-- The task --
Return exactly the lines below, starting with the one that has "#55=CIRCLE('',#54,1.2);" and going on through the one that has "#64=AXIS2_PLACEMENT_3D('',#61,#62,#63);".

-- Given records --
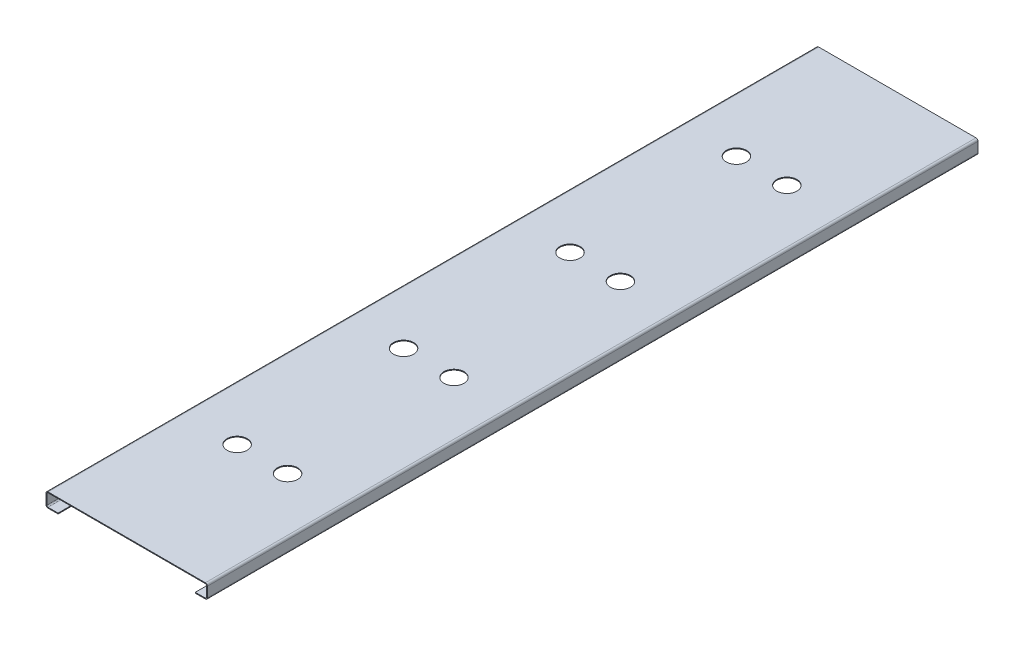
ISO-10303-21;
HEADER;
FILE_DESCRIPTION(('STEP AP214'),'2;1');
FILE_NAME('part.step','',(''),(''),'','','');
FILE_SCHEMA(('AUTOMOTIVE_DESIGN { 1 0 10303 214 1 1 1 1 }'));
ENDSEC;
DATA;
#1=APPLICATION_CONTEXT('core data for automotive mechanical design processes');
#2=APPLICATION_PROTOCOL_DEFINITION('international standard','automotive_design',2000,#1);
#3=PRODUCT_CONTEXT('',#1,'mechanical');
#4=PRODUCT('Part','Part','',(#3));
#5=PRODUCT_RELATED_PRODUCT_CATEGORY('part','',(#4));
#6=PRODUCT_DEFINITION_FORMATION('','',#4);
#7=PRODUCT_DEFINITION_CONTEXT('part definition',#1,'design');
#8=PRODUCT_DEFINITION('design','',#6,#7);
#9=PRODUCT_DEFINITION_SHAPE('','',#8);
#10=(LENGTH_UNIT() NAMED_UNIT(*) SI_UNIT(.MILLI.,.METRE.));
#11=(NAMED_UNIT(*) PLANE_ANGLE_UNIT() SI_UNIT($,.RADIAN.));
#12=(NAMED_UNIT(*) SI_UNIT($,.STERADIAN.) SOLID_ANGLE_UNIT());
#13=UNCERTAINTY_MEASURE_WITH_UNIT(LENGTH_MEASURE(1.E-05),#10,'distance_accuracy_value','');
#14=(GEOMETRIC_REPRESENTATION_CONTEXT(3) GLOBAL_UNCERTAINTY_ASSIGNED_CONTEXT((#13)) GLOBAL_UNIT_ASSIGNED_CONTEXT((#10,
#11,#12)) REPRESENTATION_CONTEXT('',''));
#15=CARTESIAN_POINT('',(0.,0.,0.));
#16=DIRECTION('',(0.,0.,1.));
#17=DIRECTION('',(1.,0.,0.));
#18=AXIS2_PLACEMENT_3D('',#15,#16,#17);
#19=CARTESIAN_POINT('',(0.,2.,764.));
#20=DIRECTION('',(0.,0.,1.));
#21=DIRECTION('',(1.,0.,0.));
#22=AXIS2_PLACEMENT_3D('',#19,#20,#21);
#23=PLANE('',#22);
#24=DIRECTION('',(1.,0.,0.));
#25=VECTOR('',#24,1.);
#26=CARTESIAN_POINT('',(0.,2.,764.));
#27=LINE('',#26,#25);
#28=CARTESIAN_POINT('',(0.,2.,764.));
#29=VERTEX_POINT('',#28);
#30=CARTESIAN_POINT('',(0.8,2.,764.));
#31=VERTEX_POINT('',#30);
#32=EDGE_CURVE('E11',#29,#31,#27,.T.);
#33=ORIENTED_EDGE('',*,*,#32,.F.);
#34=CARTESIAN_POINT('',(2.,2.,764.));
#35=DIRECTION('',(0.,0.,-1.));
#36=DIRECTION('',(1.,0.,0.));
#37=AXIS2_PLACEMENT_3D('',#34,#35,#36);
#38=CIRCLE('',#37,2.);
#39=CARTESIAN_POINT('',(2.,0.,764.));
#40=VERTEX_POINT('',#39);
#41=EDGE_CURVE('E409',#40,#29,#38,.T.);
#42=ORIENTED_EDGE('',*,*,#41,.F.);
#43=DIRECTION('',(0.,-1.,0.));
#44=VECTOR('',#43,1.);
#45=CARTESIAN_POINT('',(2.,0.799999999999998,764.));
#46=LINE('',#45,#44);
#47=CARTESIAN_POINT('',(2.,0.799999999999998,764.));
#48=VERTEX_POINT('',#47);
#49=EDGE_CURVE('E48',#48,#40,#46,.T.);
#50=ORIENTED_EDGE('',*,*,#49,.F.);
#51=CARTESIAN_POINT('',(2.,2.,764.));
#52=DIRECTION('',(0.,0.,1.));
#53=DIRECTION('',(1.,0.,0.));
#54=AXIS2_PLACEMENT_3D('',#51,#52,#53);
#55=CIRCLE('',#54,1.2);
#56=EDGE_CURVE('E421',#48,#31,#55,.F.);
#57=ORIENTED_EDGE('',*,*,#56,.T.);
#58=EDGE_LOOP('',(#33,#42,#50,#57));
#59=FACE_BOUND('',#58,.T.);
#60=ADVANCED_FACE('F39',(#59),#23,.T.);
#61=CARTESIAN_POINT('',(2.,0.799999999999998,764.));
#62=DIRECTION('',(0.,0.,1.));
#63=DIRECTION('',(1.,0.,0.));
#64=AXIS2_PLACEMENT_3D('',#61,#62,#63);
#65=PLANE('',#64);
#66=DIRECTION('',(0.,1.,0.));
#67=VECTOR('',#66,1.);
#68=CARTESIAN_POINT('',(0.,2.,764.));
#69=LINE('',#68,#67);
#70=CARTESIAN_POINT('',(0.,12.,764.));
#71=VERTEX_POINT('',#70);
#72=EDGE_CURVE('E406',#29,#71,#69,.T.);
#73=ORIENTED_EDGE('',*,*,#72,.F.);
#74=ORIENTED_EDGE('',*,*,#32,.T.);
#75=DIRECTION('',(0.,1.,0.));
#76=VECTOR('',#75,1.);
#77=CARTESIAN_POINT('',(0.8,2.,764.));
#78=LINE('',#77,#76);
#79=CARTESIAN_POINT('',(0.800000000000001,12.,764.));
#80=VERTEX_POINT('',#79);
#81=EDGE_CURVE('E424',#31,#80,#78,.T.);
#82=ORIENTED_EDGE('',*,*,#81,.T.);
#83=DIRECTION('',(-1.,0.,0.));
#84=VECTOR('',#83,1.);
#85=CARTESIAN_POINT('',(0.800000000000001,12.,764.));
#86=LINE('',#85,#84);
#87=EDGE_CURVE('E345',#80,#71,#86,.T.);
#88=ORIENTED_EDGE('',*,*,#87,.T.);
#89=EDGE_LOOP('',(#73,#74,#82,#88));
#90=FACE_BOUND('',#89,.T.);
#91=ADVANCED_FACE('F478',(#90),#65,.T.);
#92=CARTESIAN_POINT('',(2.,0.,0.));
#93=DIRECTION('',(0.,0.,-1.));
#94=DIRECTION('',(-1.,0.,0.));
#95=AXIS2_PLACEMENT_3D('',#92,#93,#94);
#96=PLANE('',#95);
#97=DIRECTION('',(0.,1.,0.));
#98=VECTOR('',#97,1.);
#99=CARTESIAN_POINT('',(2.,0.,0.));
#100=LINE('',#99,#98);
#101=CARTESIAN_POINT('',(2.,0.,0.));
#102=VERTEX_POINT('',#101);
#103=CARTESIAN_POINT('',(2.,0.799999999999998,0.));
#104=VERTEX_POINT('',#103);
#105=EDGE_CURVE('E351',#102,#104,#100,.T.);
#106=ORIENTED_EDGE('',*,*,#105,.F.);
#107=CARTESIAN_POINT('',(2.,2.,0.));
#108=DIRECTION('',(0.,0.,-1.));
#109=DIRECTION('',(1.,0.,0.));
#110=AXIS2_PLACEMENT_3D('',#107,#108,#109);
#111=CIRCLE('',#110,2.);
#112=CARTESIAN_POINT('',(0.,2.,0.));
#113=VERTEX_POINT('',#112);
#114=EDGE_CURVE('E255',#102,#113,#111,.T.);
#115=ORIENTED_EDGE('',*,*,#114,.T.);
#116=DIRECTION('',(-1.,0.,0.));
#117=VECTOR('',#116,1.);
#118=CARTESIAN_POINT('',(0.8,2.,0.));
#119=LINE('',#118,#117);
#120=CARTESIAN_POINT('',(0.8,2.,0.));
#121=VERTEX_POINT('',#120);
#122=EDGE_CURVE('E349',#121,#113,#119,.T.);
#123=ORIENTED_EDGE('',*,*,#122,.F.);
#124=CARTESIAN_POINT('',(2.,2.,0.));
#125=DIRECTION('',(0.,0.,1.));
#126=DIRECTION('',(1.,0.,0.));
#127=AXIS2_PLACEMENT_3D('',#124,#125,#126);
#128=CIRCLE('',#127,1.2);
#129=EDGE_CURVE('E267',#104,#121,#128,.F.);
#130=ORIENTED_EDGE('',*,*,#129,.F.);
#131=EDGE_LOOP('',(#106,#115,#123,#130));
#132=FACE_BOUND('',#131,.T.);
#133=ADVANCED_FACE('F483',(#132),#96,.T.);
#134=CARTESIAN_POINT('',(0.8,2.,0.));
#135=DIRECTION('',(0.,0.,-1.));
#136=DIRECTION('',(-1.,0.,0.));
#137=AXIS2_PLACEMENT_3D('',#134,#135,#136);
#138=PLANE('',#137);
#139=DIRECTION('',(-1.,0.,0.));
#140=VECTOR('',#139,1.);
#141=CARTESIAN_POINT('',(12.,0.,0.));
#142=LINE('',#141,#140);
#143=CARTESIAN_POINT('',(12.,0.,0.));
#144=VERTEX_POINT('',#143);
#145=EDGE_CURVE('E258',#144,#102,#142,.T.);
#146=ORIENTED_EDGE('',*,*,#145,.T.);
#147=ORIENTED_EDGE('',*,*,#105,.T.);
#148=DIRECTION('',(-1.,0.,0.));
#149=VECTOR('',#148,1.);
#150=CARTESIAN_POINT('',(12.,0.8,0.));
#151=LINE('',#150,#149);
#152=CARTESIAN_POINT('',(12.,0.8,0.));
#153=VERTEX_POINT('',#152);
#154=EDGE_CURVE('E264',#153,#104,#151,.T.);
#155=ORIENTED_EDGE('',*,*,#154,.F.);
#156=DIRECTION('',(0.,-1.,0.));
#157=VECTOR('',#156,1.);
#158=CARTESIAN_POINT('',(12.,0.8,0.));
#159=LINE('',#158,#157);
#160=EDGE_CURVE('E261',#153,#144,#159,.T.);
#161=ORIENTED_EDGE('',*,*,#160,.T.);
#162=EDGE_LOOP('',(#146,#147,#155,#161));
#163=FACE_BOUND('',#162,.T.);
#164=ADVANCED_FACE('F539',(#163),#138,.T.);
#165=CARTESIAN_POINT('',(2.,14.,764.));
#166=DIRECTION('',(0.,0.,1.));
#167=DIRECTION('',(1.,0.,0.));
#168=AXIS2_PLACEMENT_3D('',#165,#166,#167);
#169=PLANE('',#168);
#170=DIRECTION('',(0.,-1.,0.));
#171=VECTOR('',#170,1.);
#172=CARTESIAN_POINT('',(2.,14.,764.));
#173=LINE('',#172,#171);
#174=CARTESIAN_POINT('',(2.,14.,764.));
#175=VERTEX_POINT('',#174);
#176=CARTESIAN_POINT('',(2.,13.2,764.));
#177=VERTEX_POINT('',#176);
#178=EDGE_CURVE('E347',#175,#177,#173,.T.);
#179=ORIENTED_EDGE('',*,*,#178,.F.);
#180=CARTESIAN_POINT('',(2.,12.,764.));
#181=DIRECTION('',(0.,0.,-1.));
#182=DIRECTION('',(1.,0.,0.));
#183=AXIS2_PLACEMENT_3D('',#180,#181,#182);
#184=CIRCLE('',#183,2.);
#185=EDGE_CURVE('E403',#71,#175,#184,.T.);
#186=ORIENTED_EDGE('',*,*,#185,.F.);
#187=ORIENTED_EDGE('',*,*,#87,.F.);
#188=CARTESIAN_POINT('',(2.,12.,764.));
#189=DIRECTION('',(0.,0.,1.));
#190=DIRECTION('',(1.,0.,0.));
#191=AXIS2_PLACEMENT_3D('',#188,#189,#190);
#192=CIRCLE('',#191,1.2);
#193=EDGE_CURVE('E427',#80,#177,#192,.F.);
#194=ORIENTED_EDGE('',*,*,#193,.T.);
#195=EDGE_LOOP('',(#179,#186,#187,#194));
#196=FACE_BOUND('',#195,.T.);
#197=ADVANCED_FACE('F527',(#196),#169,.T.);
#198=CARTESIAN_POINT('',(0.800000000000001,12.,764.));
#199=DIRECTION('',(0.,0.,1.));
#200=DIRECTION('',(1.,0.,0.));
#201=AXIS2_PLACEMENT_3D('',#198,#199,#200);
#202=PLANE('',#201);
#203=DIRECTION('',(1.,0.,0.));
#204=VECTOR('',#203,1.);
#205=CARTESIAN_POINT('',(2.,14.,764.));
#206=LINE('',#205,#204);
#207=CARTESIAN_POINT('',(158.,14.,764.));
#208=VERTEX_POINT('',#207);
#209=EDGE_CURVE('E400',#175,#208,#206,.T.);
#210=ORIENTED_EDGE('',*,*,#209,.F.);
#211=ORIENTED_EDGE('',*,*,#178,.T.);
#212=DIRECTION('',(1.,0.,0.));
#213=VECTOR('',#212,1.);
#214=CARTESIAN_POINT('',(2.,13.2,764.));
#215=LINE('',#214,#213);
#216=CARTESIAN_POINT('',(158.,13.2,764.));
#217=VERTEX_POINT('',#216);
#218=EDGE_CURVE('E208',#177,#217,#215,.T.);
#219=ORIENTED_EDGE('',*,*,#218,.T.);
#220=DIRECTION('',(0.,1.,0.));
#221=VECTOR('',#220,1.);
#222=CARTESIAN_POINT('',(158.,13.2,764.));
#223=LINE('',#222,#221);
#224=EDGE_CURVE('E199',#217,#208,#223,.T.);
#225=ORIENTED_EDGE('',*,*,#224,.T.);
#226=EDGE_LOOP('',(#210,#211,#219,#225));
#227=FACE_BOUND('',#226,.T.);
#228=ADVANCED_FACE('F433',(#227),#202,.T.);
#229=CARTESIAN_POINT('',(0.,12.,0.));
#230=DIRECTION('',(0.,0.,-1.));
#231=DIRECTION('',(-1.,0.,0.));
#232=AXIS2_PLACEMENT_3D('',#229,#230,#231);
#233=PLANE('',#232);
#234=DIRECTION('',(1.,0.,0.));
#235=VECTOR('',#234,1.);
#236=CARTESIAN_POINT('',(0.,12.,0.));
#237=LINE('',#236,#235);
#238=CARTESIAN_POINT('',(0.,12.,0.));
#239=VERTEX_POINT('',#238);
#240=CARTESIAN_POINT('',(0.800000000000001,12.,0.));
#241=VERTEX_POINT('',#240);
#242=EDGE_CURVE('E343',#239,#241,#237,.T.);
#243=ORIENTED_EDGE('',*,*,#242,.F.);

-- Output for this exercise --
#55=CIRCLE('',#54,1.2);
#56=EDGE_CURVE('E421',#48,#31,#55,.F.);
#57=ORIENTED_EDGE('',*,*,#56,.T.);
#58=EDGE_LOOP('',(#33,#42,#50,#57));
#59=FACE_BOUND('',#58,.T.);
#60=ADVANCED_FACE('F39',(#59),#23,.T.);
#61=CARTESIAN_POINT('',(2.,0.799999999999998,764.));
#62=DIRECTION('',(0.,0.,1.));
#63=DIRECTION('',(1.,0.,0.));
#64=AXIS2_PLACEMENT_3D('',#61,#62,#63);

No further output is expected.